Dari kesimpulan di atas di simpulkan pemahaman manusia dilihat dari berbagai sudut pandang, yaitu: pertama, masalah rohani dan jasmani; Aliran Serba zat (Faham Materialisme), Aliran Serba Ruh, Aliran Dualisme, dan Aliran Eksistensialisme. Kedua, sudut pandang antropologi; manusia sebagai makhluk individu (individual being), manusia sebagai makhluk sosial (sosial being) dan manusia sebagai makhluk susila (moral being). Ketiga, pandangan Freud tentang struktur jiwa (kepribadian); bagian dasar atau das Es (the Id), bagian tengah atau das Ich (aku) dan bagian atas atau das Uber Ich (superego). Keempat, sudut pandang asal-mula dan tujuan hidup manusia ; kehidupan ini berawal dari causa prima (Tuhan) dan pada akhirnya kembali kepada causa prima (Tuhan) pula.
Thomas Hobbes (1588 – 1679)
Manusia merupakan mahluk yang jahat (Homo Homini Lupus) sehingga harus diatur oleh hukum dan pemerintahan yang tak dapat digulingkan (Leviathan)
Sifat dasar manusia adalah bersaing, agresif, loba, anti sosial dan bersifat kebinatangan. Negara berfungsi untuk menyatukan manusia untuk tidak saling memebunuh.
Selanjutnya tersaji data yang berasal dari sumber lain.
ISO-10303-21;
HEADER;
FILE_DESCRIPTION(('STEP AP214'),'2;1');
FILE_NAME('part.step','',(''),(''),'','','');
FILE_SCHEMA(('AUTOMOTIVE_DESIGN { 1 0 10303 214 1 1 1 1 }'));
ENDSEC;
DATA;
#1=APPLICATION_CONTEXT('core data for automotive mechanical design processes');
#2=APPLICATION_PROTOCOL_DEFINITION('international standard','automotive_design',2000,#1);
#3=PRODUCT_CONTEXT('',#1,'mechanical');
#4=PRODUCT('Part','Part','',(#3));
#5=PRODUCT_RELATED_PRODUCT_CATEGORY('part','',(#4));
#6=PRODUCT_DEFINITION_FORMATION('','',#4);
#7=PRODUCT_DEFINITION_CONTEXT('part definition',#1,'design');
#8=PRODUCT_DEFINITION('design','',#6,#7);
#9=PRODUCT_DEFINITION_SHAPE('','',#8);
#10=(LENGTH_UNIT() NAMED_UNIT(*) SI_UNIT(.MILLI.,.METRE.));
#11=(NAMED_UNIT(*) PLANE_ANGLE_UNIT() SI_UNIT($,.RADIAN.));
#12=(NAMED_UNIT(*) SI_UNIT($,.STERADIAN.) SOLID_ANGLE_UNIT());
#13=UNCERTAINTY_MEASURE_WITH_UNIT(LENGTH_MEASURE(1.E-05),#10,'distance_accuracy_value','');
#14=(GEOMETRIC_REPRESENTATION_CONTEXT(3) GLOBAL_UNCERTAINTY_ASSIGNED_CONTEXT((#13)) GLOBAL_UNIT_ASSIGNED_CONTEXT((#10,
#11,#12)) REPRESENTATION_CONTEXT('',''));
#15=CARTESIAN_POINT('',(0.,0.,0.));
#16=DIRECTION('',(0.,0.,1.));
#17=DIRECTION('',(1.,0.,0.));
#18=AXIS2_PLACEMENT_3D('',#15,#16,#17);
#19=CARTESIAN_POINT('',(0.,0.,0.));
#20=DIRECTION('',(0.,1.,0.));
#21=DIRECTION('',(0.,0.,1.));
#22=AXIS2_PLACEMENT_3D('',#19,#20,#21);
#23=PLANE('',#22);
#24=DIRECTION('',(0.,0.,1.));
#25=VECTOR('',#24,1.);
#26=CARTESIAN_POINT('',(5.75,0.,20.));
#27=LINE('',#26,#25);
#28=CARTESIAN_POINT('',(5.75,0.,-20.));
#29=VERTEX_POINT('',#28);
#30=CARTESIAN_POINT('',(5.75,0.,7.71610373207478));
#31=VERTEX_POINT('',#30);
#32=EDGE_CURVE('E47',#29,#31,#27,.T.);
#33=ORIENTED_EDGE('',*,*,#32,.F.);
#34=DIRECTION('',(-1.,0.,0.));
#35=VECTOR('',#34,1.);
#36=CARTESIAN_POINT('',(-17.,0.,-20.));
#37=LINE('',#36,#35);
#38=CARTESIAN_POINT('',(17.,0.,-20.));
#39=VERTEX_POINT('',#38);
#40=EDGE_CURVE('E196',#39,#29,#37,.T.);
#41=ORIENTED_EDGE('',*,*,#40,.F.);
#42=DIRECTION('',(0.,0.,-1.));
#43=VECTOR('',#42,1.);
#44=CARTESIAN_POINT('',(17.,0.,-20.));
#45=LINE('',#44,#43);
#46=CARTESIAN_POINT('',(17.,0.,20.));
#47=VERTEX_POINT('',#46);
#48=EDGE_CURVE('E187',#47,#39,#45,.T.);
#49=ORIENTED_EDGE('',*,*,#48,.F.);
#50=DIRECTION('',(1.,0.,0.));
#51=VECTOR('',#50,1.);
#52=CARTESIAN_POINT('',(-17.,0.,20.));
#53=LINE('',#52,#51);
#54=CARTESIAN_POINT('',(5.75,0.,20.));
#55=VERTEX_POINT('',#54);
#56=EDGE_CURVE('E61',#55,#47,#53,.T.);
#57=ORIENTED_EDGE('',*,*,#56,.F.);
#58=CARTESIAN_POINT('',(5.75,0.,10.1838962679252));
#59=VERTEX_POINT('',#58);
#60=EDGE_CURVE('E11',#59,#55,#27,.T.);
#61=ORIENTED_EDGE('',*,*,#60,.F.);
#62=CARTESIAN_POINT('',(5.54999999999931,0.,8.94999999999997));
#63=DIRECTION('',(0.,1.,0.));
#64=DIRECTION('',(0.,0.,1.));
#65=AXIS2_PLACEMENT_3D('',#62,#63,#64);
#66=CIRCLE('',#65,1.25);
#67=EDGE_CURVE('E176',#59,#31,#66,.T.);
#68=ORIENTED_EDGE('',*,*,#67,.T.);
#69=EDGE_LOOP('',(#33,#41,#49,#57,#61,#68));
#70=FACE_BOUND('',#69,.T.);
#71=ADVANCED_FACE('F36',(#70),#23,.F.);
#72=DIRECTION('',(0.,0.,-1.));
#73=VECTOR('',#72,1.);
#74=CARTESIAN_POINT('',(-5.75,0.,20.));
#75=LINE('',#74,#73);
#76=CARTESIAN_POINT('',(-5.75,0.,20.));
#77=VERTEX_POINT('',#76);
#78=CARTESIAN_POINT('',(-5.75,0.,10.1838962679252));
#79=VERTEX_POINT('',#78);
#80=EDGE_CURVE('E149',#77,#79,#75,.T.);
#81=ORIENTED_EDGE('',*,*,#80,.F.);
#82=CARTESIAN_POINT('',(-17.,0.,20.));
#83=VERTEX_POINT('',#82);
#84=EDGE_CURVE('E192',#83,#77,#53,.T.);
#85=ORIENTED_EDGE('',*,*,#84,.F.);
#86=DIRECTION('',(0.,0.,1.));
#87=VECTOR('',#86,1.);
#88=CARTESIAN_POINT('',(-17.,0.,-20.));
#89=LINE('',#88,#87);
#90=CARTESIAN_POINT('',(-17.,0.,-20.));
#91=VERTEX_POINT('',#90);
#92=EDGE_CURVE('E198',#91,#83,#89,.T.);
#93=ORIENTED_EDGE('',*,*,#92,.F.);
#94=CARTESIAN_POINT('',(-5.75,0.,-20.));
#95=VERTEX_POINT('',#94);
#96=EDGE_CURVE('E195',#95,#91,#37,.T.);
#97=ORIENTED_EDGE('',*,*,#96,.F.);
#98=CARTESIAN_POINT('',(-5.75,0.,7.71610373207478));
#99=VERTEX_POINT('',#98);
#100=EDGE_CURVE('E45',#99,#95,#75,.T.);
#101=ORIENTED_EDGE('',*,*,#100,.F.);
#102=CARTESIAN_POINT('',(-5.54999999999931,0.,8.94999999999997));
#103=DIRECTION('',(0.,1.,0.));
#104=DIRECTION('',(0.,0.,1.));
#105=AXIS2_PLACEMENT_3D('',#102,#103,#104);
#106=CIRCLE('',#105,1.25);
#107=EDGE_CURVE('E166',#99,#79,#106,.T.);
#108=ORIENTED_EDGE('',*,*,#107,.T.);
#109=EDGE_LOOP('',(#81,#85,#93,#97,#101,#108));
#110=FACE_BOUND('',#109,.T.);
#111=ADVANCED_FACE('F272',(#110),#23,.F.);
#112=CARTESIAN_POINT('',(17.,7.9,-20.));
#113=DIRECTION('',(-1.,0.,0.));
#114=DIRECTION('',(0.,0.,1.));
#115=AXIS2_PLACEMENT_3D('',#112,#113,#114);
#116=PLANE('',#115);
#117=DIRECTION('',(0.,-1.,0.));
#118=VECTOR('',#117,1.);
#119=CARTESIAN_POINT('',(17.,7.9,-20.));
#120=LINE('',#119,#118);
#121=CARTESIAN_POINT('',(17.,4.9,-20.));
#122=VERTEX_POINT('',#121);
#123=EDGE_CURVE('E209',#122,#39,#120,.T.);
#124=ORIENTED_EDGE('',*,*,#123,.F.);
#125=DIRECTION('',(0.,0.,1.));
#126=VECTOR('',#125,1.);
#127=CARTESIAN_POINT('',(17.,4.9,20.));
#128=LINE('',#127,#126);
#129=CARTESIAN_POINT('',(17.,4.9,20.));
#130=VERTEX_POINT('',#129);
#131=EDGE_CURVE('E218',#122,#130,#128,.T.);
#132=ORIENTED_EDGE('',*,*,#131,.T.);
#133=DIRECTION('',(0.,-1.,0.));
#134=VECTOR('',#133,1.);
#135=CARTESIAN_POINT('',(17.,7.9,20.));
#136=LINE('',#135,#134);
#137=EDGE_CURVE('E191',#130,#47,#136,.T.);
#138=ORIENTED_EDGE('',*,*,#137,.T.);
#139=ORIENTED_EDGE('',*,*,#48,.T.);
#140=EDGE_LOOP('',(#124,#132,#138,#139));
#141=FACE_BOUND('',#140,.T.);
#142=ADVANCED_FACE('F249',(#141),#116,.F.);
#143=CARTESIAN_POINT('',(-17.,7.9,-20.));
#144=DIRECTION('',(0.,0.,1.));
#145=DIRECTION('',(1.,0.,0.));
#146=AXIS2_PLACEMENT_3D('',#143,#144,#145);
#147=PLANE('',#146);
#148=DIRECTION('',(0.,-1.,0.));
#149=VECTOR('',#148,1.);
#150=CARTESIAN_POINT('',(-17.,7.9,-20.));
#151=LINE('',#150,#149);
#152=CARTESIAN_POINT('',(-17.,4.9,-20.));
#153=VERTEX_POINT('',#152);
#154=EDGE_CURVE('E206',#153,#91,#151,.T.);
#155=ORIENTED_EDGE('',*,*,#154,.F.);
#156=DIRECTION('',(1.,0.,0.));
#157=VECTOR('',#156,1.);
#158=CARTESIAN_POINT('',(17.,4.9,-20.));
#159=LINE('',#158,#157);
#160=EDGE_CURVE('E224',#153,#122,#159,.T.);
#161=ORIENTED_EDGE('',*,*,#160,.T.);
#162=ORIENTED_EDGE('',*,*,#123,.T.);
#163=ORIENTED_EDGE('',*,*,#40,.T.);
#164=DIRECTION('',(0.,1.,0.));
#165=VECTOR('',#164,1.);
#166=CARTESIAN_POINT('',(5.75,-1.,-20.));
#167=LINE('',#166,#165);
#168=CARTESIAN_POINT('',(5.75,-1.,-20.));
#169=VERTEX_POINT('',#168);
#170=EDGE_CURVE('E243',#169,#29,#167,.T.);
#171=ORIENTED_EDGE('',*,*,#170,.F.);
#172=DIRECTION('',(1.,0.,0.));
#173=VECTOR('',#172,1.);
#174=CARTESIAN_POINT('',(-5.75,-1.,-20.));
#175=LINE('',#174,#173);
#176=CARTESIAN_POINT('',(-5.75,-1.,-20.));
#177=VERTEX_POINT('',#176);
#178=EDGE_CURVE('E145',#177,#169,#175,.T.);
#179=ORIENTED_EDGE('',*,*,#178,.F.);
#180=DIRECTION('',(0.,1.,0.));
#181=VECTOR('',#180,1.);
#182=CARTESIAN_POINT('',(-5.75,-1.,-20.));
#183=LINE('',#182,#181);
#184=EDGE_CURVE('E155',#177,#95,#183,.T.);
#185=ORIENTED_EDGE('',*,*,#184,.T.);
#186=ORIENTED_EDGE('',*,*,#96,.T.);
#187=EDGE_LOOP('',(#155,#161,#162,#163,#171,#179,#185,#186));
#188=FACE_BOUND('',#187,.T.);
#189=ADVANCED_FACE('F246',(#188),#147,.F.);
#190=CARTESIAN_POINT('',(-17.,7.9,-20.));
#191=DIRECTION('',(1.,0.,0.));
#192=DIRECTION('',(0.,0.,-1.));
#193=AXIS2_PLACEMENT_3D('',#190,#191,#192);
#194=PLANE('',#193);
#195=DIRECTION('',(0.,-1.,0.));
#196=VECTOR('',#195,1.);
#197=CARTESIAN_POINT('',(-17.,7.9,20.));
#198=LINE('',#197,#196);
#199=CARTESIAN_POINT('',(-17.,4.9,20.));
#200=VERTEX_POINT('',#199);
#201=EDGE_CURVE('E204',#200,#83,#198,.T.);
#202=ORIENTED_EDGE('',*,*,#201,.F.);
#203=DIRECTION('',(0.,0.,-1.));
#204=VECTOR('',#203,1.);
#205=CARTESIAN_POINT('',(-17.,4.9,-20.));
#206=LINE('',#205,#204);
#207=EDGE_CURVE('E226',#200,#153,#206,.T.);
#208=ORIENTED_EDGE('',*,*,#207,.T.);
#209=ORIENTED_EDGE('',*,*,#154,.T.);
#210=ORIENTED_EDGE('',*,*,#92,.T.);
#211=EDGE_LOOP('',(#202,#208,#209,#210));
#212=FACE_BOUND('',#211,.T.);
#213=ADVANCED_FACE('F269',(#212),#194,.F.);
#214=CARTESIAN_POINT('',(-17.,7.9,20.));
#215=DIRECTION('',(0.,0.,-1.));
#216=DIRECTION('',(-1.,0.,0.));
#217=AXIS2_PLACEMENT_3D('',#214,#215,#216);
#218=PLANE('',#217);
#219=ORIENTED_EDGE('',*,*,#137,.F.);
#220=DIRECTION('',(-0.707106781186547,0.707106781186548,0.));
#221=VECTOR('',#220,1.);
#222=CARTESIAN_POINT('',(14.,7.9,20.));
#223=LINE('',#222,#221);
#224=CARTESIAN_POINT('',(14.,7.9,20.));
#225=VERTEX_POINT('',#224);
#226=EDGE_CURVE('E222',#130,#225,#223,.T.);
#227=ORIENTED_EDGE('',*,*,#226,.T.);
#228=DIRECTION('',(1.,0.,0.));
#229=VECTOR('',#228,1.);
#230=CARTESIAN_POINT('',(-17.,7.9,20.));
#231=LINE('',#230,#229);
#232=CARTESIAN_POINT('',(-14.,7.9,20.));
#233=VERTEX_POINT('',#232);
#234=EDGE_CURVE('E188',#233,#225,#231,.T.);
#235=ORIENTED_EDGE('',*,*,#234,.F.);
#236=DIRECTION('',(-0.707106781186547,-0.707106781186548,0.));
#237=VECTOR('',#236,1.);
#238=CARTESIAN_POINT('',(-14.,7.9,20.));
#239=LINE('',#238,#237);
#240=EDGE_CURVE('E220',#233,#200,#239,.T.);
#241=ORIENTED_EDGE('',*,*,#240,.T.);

Jean Jacques Rousseau (1712 – 1778)
Manusia merupakan mahluk baik, masyarakat yang membuat manusia jahat (mementingkan diri sendiri dan bersifat merusak) Negara berfungsi untuk memungkinkan manusia untuk mendapatkan kembali sifat kebaikannya yang asli.
Sedangkat Hakikat manusia menurut Ibnu Arabi adalah mahkluk yang sempurna karena mampu menghadirkan setiap nama Tuhan dalam kehidupan yang nyata. Manusia sempurna adalah tujuan Tuhan dalam menciptakan kosmos, karena manusia dimungkinkan menampakkan sifat-sifat-Nya secara total. Ibnu Arabi menyebutkan manusia paling sempurna adalah para wakil atau utusan Tuhan. Mereka mewarisi ilmu-ilmu pengetahuan dan akhlak mulia dan menempati kedudukan tertinggi dari seluruh situasi manusia. Kesempurnaan manusia ini bukan berarti akan sampai pada derajat ketuhanan, karena Tuhan tidak sama dengan siapa pun dan dengan apa pun.